* [Directions for this task]:
From the data, copy out every line in which the word "pspsim" appears.

Extracted records
★ ★ ★ ★

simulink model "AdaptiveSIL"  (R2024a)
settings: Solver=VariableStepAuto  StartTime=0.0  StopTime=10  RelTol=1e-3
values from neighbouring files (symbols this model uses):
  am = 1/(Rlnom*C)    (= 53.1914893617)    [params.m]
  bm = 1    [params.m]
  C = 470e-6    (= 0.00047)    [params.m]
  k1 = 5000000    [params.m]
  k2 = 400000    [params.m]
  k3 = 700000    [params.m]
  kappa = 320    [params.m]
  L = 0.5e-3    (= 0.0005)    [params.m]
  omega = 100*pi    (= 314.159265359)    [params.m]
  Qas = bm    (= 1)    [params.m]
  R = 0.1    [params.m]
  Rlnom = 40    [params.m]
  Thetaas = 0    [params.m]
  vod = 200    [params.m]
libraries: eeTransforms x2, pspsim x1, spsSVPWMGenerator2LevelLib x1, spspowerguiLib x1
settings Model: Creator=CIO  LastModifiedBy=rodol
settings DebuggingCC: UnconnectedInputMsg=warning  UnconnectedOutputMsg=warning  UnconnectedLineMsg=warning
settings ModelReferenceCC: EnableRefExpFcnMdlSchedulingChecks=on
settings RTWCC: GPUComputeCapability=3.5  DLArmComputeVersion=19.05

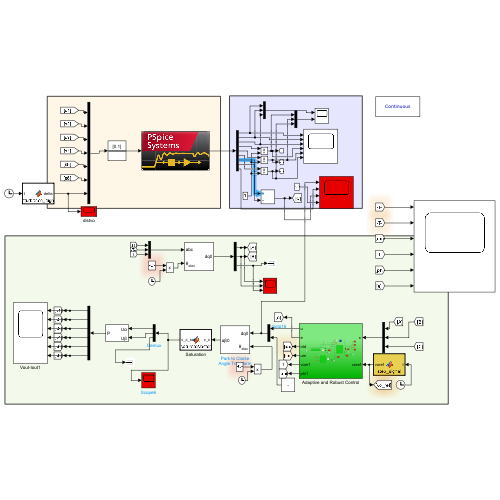
[thumbnail: Simulink's stored preview of the top-level diagram]
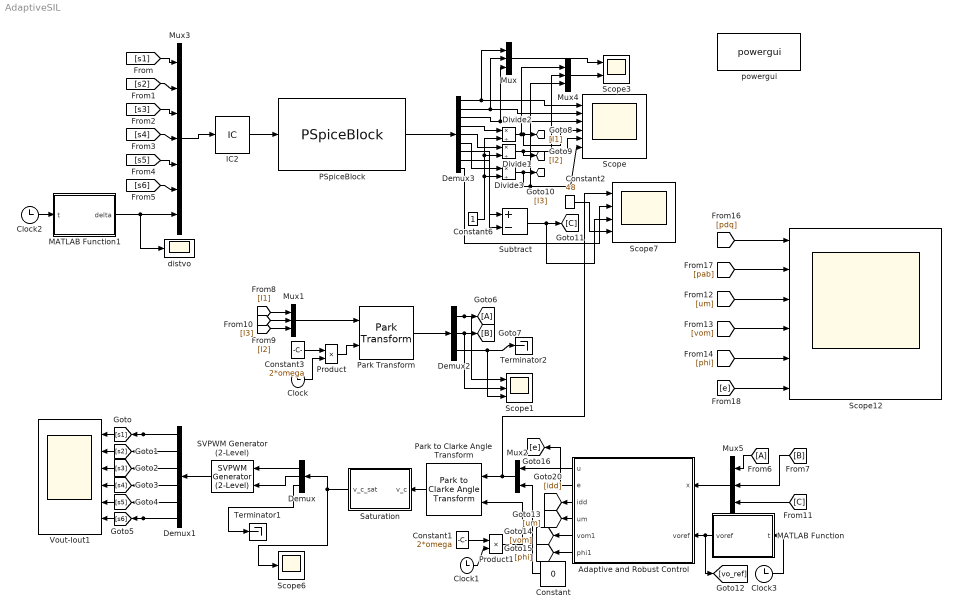
== system AdaptiveSIL ==
  Adaptive and Robust Control : Subsystem
  Clock{,1..3} (4 alike) : Clock
  Constant : Constant  Value=0
  Constant1 : Constant  Value=2*omega
  Constant2 : Constant  Value=48
  Constant3 : Constant  Value=2*omega
  Constant6 : Constant
  Demux : Demux  Outputs=3
  Demux1 : Demux  Outputs=6
  Demux2 : Demux  Outputs=3
  Demux3 : Demux  Outputs=9
  Divide1 : Product  Inputs=*/
  Divide2 : Product  Inputs=*/
  Divide3 : Product  Inputs=*/
  From6 : From
  Goto6 : Goto
  IC2 : InitialCondition  Value=0.1
  MATLAB Function : MATLAB Function  TreatAsAtomicUnit=on
  MATLAB Function1 : MATLAB Function  TreatAsAtomicUnit=on
  Mux{,1,4..5} (4 alike) : Mux  Inputs=3
  Mux2 : Mux  Inputs=2
  Mux3 : Mux  Inputs=7
  PSpiceBlock : pspsim/PSpiceBlock  SFunctionModules=''
      settings: SourceProductName=PSpice Block
  Park Transform : eeTransforms/Park Transform  AxisAlignment=D-axis  PowerInvariant=off
  Park to Clarke Angle Transform : eeTransforms/Park to Clarke Angle Transform  AxisAlignment=D-axis
  Product : Product
  Product1 : Product
  SVPWM Generator (2-Level) : spsSVPWMGenerator2LevelLib/SVPWM Generator (2-Level)  InputType=alpha-beta components  SwitchingPattern=Pattern #1  Fc=10000  ParUref=[0.8 -30 50]  Ts=0
  Saturation : MATLAB Function  TreatAsAtomicUnit=on
  Scope : Scope  NumInputPorts=6
  Scope1 : Scope  NumInputPorts=3
  Scope12 : Scope  NumInputPorts=6
  Scope3 : Scope  NumInputPorts=2
  Scope6 : Scope
  Scope7 : Scope  NumInputPorts=4
  Subtract : Sum  Inputs=+-
  Terminator1 : Terminator
  Terminator2 : Terminator
  Vout-Iout1 : Scope  NumInputPorts=6
  distvo : Scope
  powergui : spspowerguiLib/powergui  Priority=1  SimulationMode=Continuous  SampleTime=2e-6  frequency=60  Iterations=50  frequencyindice=60  Pbase=100e6  ErrMax=1e-4  UnitsV=kV  UnitsW=MW  buscounter=0  FunctionMessages=off  echomessages=off  EnableUseOfTLC=off  CurrentSourceSwitches=off  DisableSnubberDevices=off  DisableRonSwitches=off  DisableVfSwitches=off  DisplayEquations=off  AutomaticDiscreteSolvers=off  SolverType=Tustin/Backward Euler (TBE)  Interpol=off  ExternalGateDelay=off  methode=off  Ts=0  x0status=blocks  SPID=off  SwTol=0  HookPort=off  NonlinearTolerance=0  nMaxIteration=15  ContinueOnMaxIteration=off  RestoreLinks=warning  ResistiveCurrentMeasurement=off  Frange=[0:2:500]  Ylog=off  Xlog=on  ShowGrid=off  save=off  variable=ZData  structure=0  ZoomFFT=on  StartTime=0.0  cycles=1  DisplayStyle=1  fundamental=60  FreqAxis=off  MaxFrequency=1000  frequencyindicesteady=1  RmsSteady=1  display=off
  wires:
  Demux1/3 -> Vout-Iout1/3, [s3]
  [s1] -> Mux3/1
  [I1] -> Mux1/1
  Demux1/5 -> [s5], Vout-Iout1/5
  [s6] -> Mux3/6
  Demux/2 -> SVPWM Generator (2-Level)/2
  Demux/3 -> Terminator1/1
  [s4] -> Mux3/4
  Demux1/2 -> Vout-Iout1/2, [s2]
  Product1/1 -> Park to Clarke Angle Transform/2
  [s5] -> Mux3/5
  Park Transform/1 -> Demux2/1
  Mux2/1 -> Park to Clarke Angle Transform/1, Scope7/1
  Product/1 -> Park Transform/2
  Clock1/1 -> Product1/2
  [s3] -> Mux3/3
  Mux1/1 -> Park Transform/1
  Demux1/6 -> [s6], Vout-Iout1/6
  Demux2/2 -> Scope1/2, [B]
  Demux2/3 -> Scope1/3, Terminator2/1
  Demux/1 -> SVPWM Generator (2-Level)/1
  [I2] -> Mux1/2
  Demux1/1 -> Vout-Iout1/1, [s1]
  Clock/1 -> Product/2
  Demux2/1 -> Scope1/1, Goto6/1
  Mux3/1 -> IC2/1
  Constant1/1 -> Product1/1
  Demux1/4 -> Vout-Iout1/4, [s4]
  Constant3/1 -> Product/1
  [I3] -> Mux1/3
  [s2] -> Mux3/2
  IC2/1 -> PSpiceBlock/1
  PSpiceBlock/1 -> Demux3/1
  Demux3/1 -> Mux/1, Scope/1
  Demux3/2 -> Mux/2, Scope/2
  Demux3/3 -> Scope/3, Mux/3
  Demux3/7 -> Subtract/1
  Demux3/8 -> Subtract/2
  Demux3/4 -> Divide2/1
  Demux3/5 -> Divide1/1
  Demux3/6 -> Divide3/1
  Constant6/1 -> Divide3/2, Divide1/2, Divide2/2
  Divide2/1 -> Mux4/1, Scope/4, [I1]
  Divide1/1 -> [I2], Mux4/2, Scope/5
  Divide3/1 -> Scope/6, Mux4/3, [I3]
  Subtract/1 -> Scope7/3, [C]
  Constant2/1 -> Scope7/4
  Demux3/9 -> Scope7/2
  Mux4/1 -> Scope3/2
  Mux/1 -> Scope3/1
  MATLAB Function/1(voref) -> [vo_ref], Adaptive and Robust Control/2(voref)
  Clock3/1 -> MATLAB Function/1(t)
  Mux5/1 -> Adaptive and Robust Control/1(x)
  From6/1 -> Mux5/1
  [B] -> Mux5/2
  [C] -> Mux5/3
  Constant/1 -> Mux2/2
  Adaptive and Robust Control/1(u) -> Mux2/1
  SVPWM Generator (2-Level)/1 -> Demux1/1
  Park to Clarke Angle Transform/1 -> Saturation/1(v_c)
  Saturation/1(v_c_sat) -> Demux/1, Scope6/1
  Clock2/1 -> MATLAB Function1/1(t)
  MATLAB Function1/1(delta) -> distvo/1, Mux3/7
  [pdq] -> Scope12/1
  [pab] -> Scope12/2
  [um] -> Scope12/3
  [phi] -> Scope12/5
  [vom] -> Scope12/4
  [e] -> Scope12/6
  Adaptive and Robust Control/3(idd) -> [idd]
  Adaptive and Robust Control/4(um) -> [um]
  Adaptive and Robust Control/6(phi1) -> [phi]
  Adaptive and Robust Control/5(vom1) -> [vom]
  Adaptive and Robust Control/2(e) -> [e]

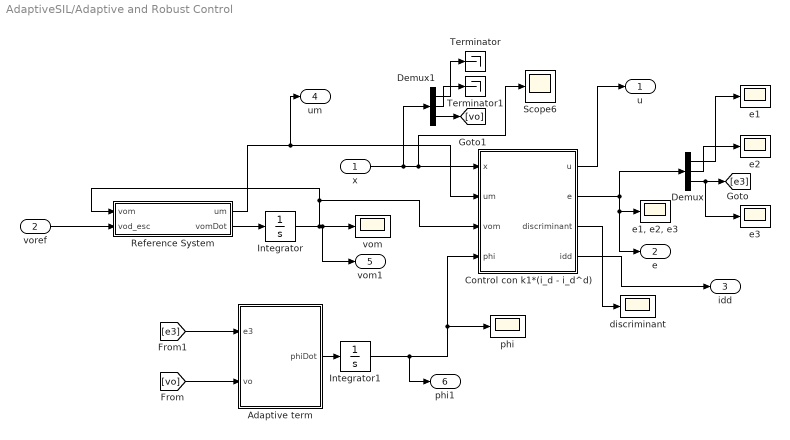
== system AdaptiveSIL/Adaptive and Robust Control ==
  x : Inport
  voref : Inport  Port=2
  " e1" : Scope
  " e2" : Scope
  " e3" : Scope
  Adaptive term : MATLAB Function  TreatAsAtomicUnit=on
  Control con k1*(i_d - i_d^d) : MATLAB Function  TreatAsAtomicUnit=on
  Demux : Demux  Outputs=3
  Demux1 : Demux  Outputs=3
  Integrator : Integrator
  Integrator1 : Integrator
  Reference System : MATLAB Function  TreatAsAtomicUnit=on
  Scope6 : Scope
  Terminator : Terminator
  Terminator1 : Terminator
  discriminant : Scope
  "e1, e2, e3" : Scope
  phi : Scope
  vom : Scope
  u : Outport
  e : Outport  Port=2
  idd : Outport  Port=3
  um : Outport  Port=4
  vom1 : Outport  Port=5
  phi1 : Outport  Port=6
  wires:
  x/1 -> Demux1/1, Scope6/1, Control con k1*(i_d - i_d^d)/1(x)
  Control con k1*(i_d - i_d^d)/3(discriminant) -> discriminant/1
  Control con k1*(i_d - i_d^d)/2(e) -> e/1, "e1, e2, e3"/1, Demux/1
  Control con k1*(i_d - i_d^d)/1(u) -> u/1
  Reference System/2(vomDot) -> Integrator/1
  Integrator/1 -> vom1/1, vom/1, Reference System/1(vom), Control con k1*(i_d - i_d^d)/3(vom)
  Adaptive term/1(phiDot) -> Integrator1/1
  Reference System/1(um) -> um/1, Control con k1*(i_d - i_d^d)/2(um)
  Integrator1/1 -> phi1/1, phi/1, Control con k1*(i_d - i_d^d)/4(phi)
  Demux/3 -> " e3"/1, [e3]
  Demux1/3 -> [vo]
  [e3] -> Adaptive term/1(e3)
  [vo] -> Adaptive term/2(vo)
  Demux1/1 -> Terminator/1
  Demux1/2 -> Terminator1/1
  voref/1 -> Reference System/2(vod_esc)
  Demux/1 -> " e1"/1
  Demux/2 -> " e2"/1
  Control con k1*(i_d - i_d^d)/4(idd) -> idd/1

== matlab function AdaptiveSIL/Adaptive and Robust Control/Reference System ==
  data: um output; vom input; vomDot output; am parameter; bm parameter; kappa parameter; vod_esc input
function [um, vomDot] = ref(vom, am, bm, kappa, vod_esc)

% Control
um = (1/bm)*( am*vom - kappa*(vom - vod_esc) );

% System
vomDot = - am*vom + bm*um ;

== matlab function AdaptiveSIL/MATLAB Function1 ==
  settings: updateMethod=DISCRETE
  data: t input; delta output
function delta = disturbance_signal(t)
% Disturbance and load variation signal approximation

% Componente suave (función senoidal con pendiente)
delta_base = 30*sin(0.7*t) + 5*t -20;

% Componente de ruido o pequeñas variaciones escalonadas:
% (simulando pequeños saltos pseudo-aleatorios)
rng(1); % Para reproducibilidad
persistent steps times
if isempty(steps)
    times = 0:0.09:10;
    steps = 0.1*(randn(size(times))); % valores aleatorios pequeños
end

% Interpolación para el valor de la señal escalonada en el tiempo t
noise_val = interp1(times, steps, t, 'previous', 0);

% Combinación final
delta = delta_base + noise_val;

end

== matlab function AdaptiveSIL/Adaptive and Robust Control/Control con k1*(i_d - i_d^d) ==
  data: x input; um input; vom input; phi input; u output; k1 parameter; k2 parameter; k3 parameter; vod parameter; R parameter; L parameter; C parameter; Rlnom parameter; omega parameter; E parameter; e output; discriminant output; Thetaas parameter; Qas parameter; idd output
function [u, e, discriminant,idd] = ctrl(x, um, vom, phi, k1, k2, k3, vod, R, L, C, Rlnom, omega, E, Thetaas, Qas)

id = x(1,1);
iq = x(2,1); 
vo = x(3,1);

% Errors e2, e3
e2 = iq;        e3 = vo - vom;
Theta = phi + Thetaas;

% Controls [Adaptive terms]
pq = ( (2*L)/(e3 + vom) )*( - (R/L)*iq - omega*id + k2*e2 ) ; % k2*e2 , k2*sqrt(abs(e2))*sign(e2)
v2 = Theta*vo + Qas*um  - (3/(4*C))*(iq*pq) - k3*e3 ;  % k3*e3 , k3*sqrt(abs(e3))*sign(e3)
%
%pq = ( 2*L/vo )*( - (R/L)*iq - omega*id + k2*sqrt(abs(e2))*sign(e2) ) ; % k2*e2 , k2*sqrt(abs(e2))*sign(e2)
%v2 = - (3/(4*C))*(iq*pq) + (1/(Rl*C))*vo - k3*sqrt(abs(e3))*sign(e3) ;  % k3*e3 , k3*sqrt(abs(e3))*sign(e3)

% Combinando las sigs. eqs (23) [version no adaptiva]
% pd = ((2*L)/(vo)) * ( - (R/L)*id + omega*iq + (E/L) + k1*(id - idd) ) ;
% idd = (4*C*v2)/(3*pd) ; 
% obtenemos:

a = k1;
b = (R/L) * id - omega * iq - (E/L) - k1 * id;
c = (2 * C * v2 * vo) / (3 * L);
discriminant = b^2 - 4 * a * c; %no debe ser cero

idd = ( -b + sqrt(b^2 - 4 * a * c) ) / (2 * a); %id deseada dinamica

pd = (4 * C * v2) / (3 * idd); %sale de (23)------------------> CONTROL REAL

% Error e1
e1 = id - idd;


% Salidas
u = [pd;
     pq];

e = [e1;
     e2;
     e3];

== matlab function AdaptiveSIL/Adaptive and Robust Control/Adaptive term ==
  data: e3 input; phiDot output; vo input; lambda parameter
function phiDot = fcn(e3, vo, lambda)


phiDot = - lambda*e3*vo;

== matlab function AdaptiveSIL/MATLAB Function ==
  data: t input; voref output; vod parameter
function voref = step_signal(t, vod)
% Generates a step signal increasing from 160 to 220 in steps of 20
% over a simulation time of 0 to 10 seconds.

    % Define step times and corresponding values
    %step_times = [0, 3.3, 6.6, 10]; % Change points
    %step_values = [vod-40, vod-20, vod, vod]; % Corresponding values
    step_times = [0, 2, 4, 6, 8]; % Change points
    %step_values = [vod-40, vod-20, vod, vod+20, vod+40]; % Corresponding values
    step_values = [vod, vod+20, vod+40, vod+80, vod+40]; % Corresponding values
    
    % Initialize output
    voref = step_values(1);
    
    % Apply step changes
    for i = 2:length(step_times)
        if t >= step_times(i)
            voref = step_values(i);
        end
    end
end

== matlab function AdaptiveSIL/Saturation ==
  data: v_c input; v_c_sat output
function v_c_sat = saturateVector(v_c)
%#codegen

% Separar componentes del vector
p_alpha = v_c(1);
p_beta = v_c(2);

% Calcular la magnitud
v_mag = sqrt(p_alpha^2 + p_beta^2);

% Máxima magnitud permitida
V_max = 0.866;

% Escalado si excede el límite
if v_mag <= V_max
    v_c_sat = v_c;
else
    scale = V_max / v_mag;
    v_c_sat = v_c * scale;
end

★ ★ ★ ★

* [Expected answer]:
libraries: eeTransforms x2, pspsim x1, spsSVPWMGenerator2LevelLib x1, spspowerguiLib x1
  PSpiceBlock : pspsim/PSpiceBlock  SFunctionModules=''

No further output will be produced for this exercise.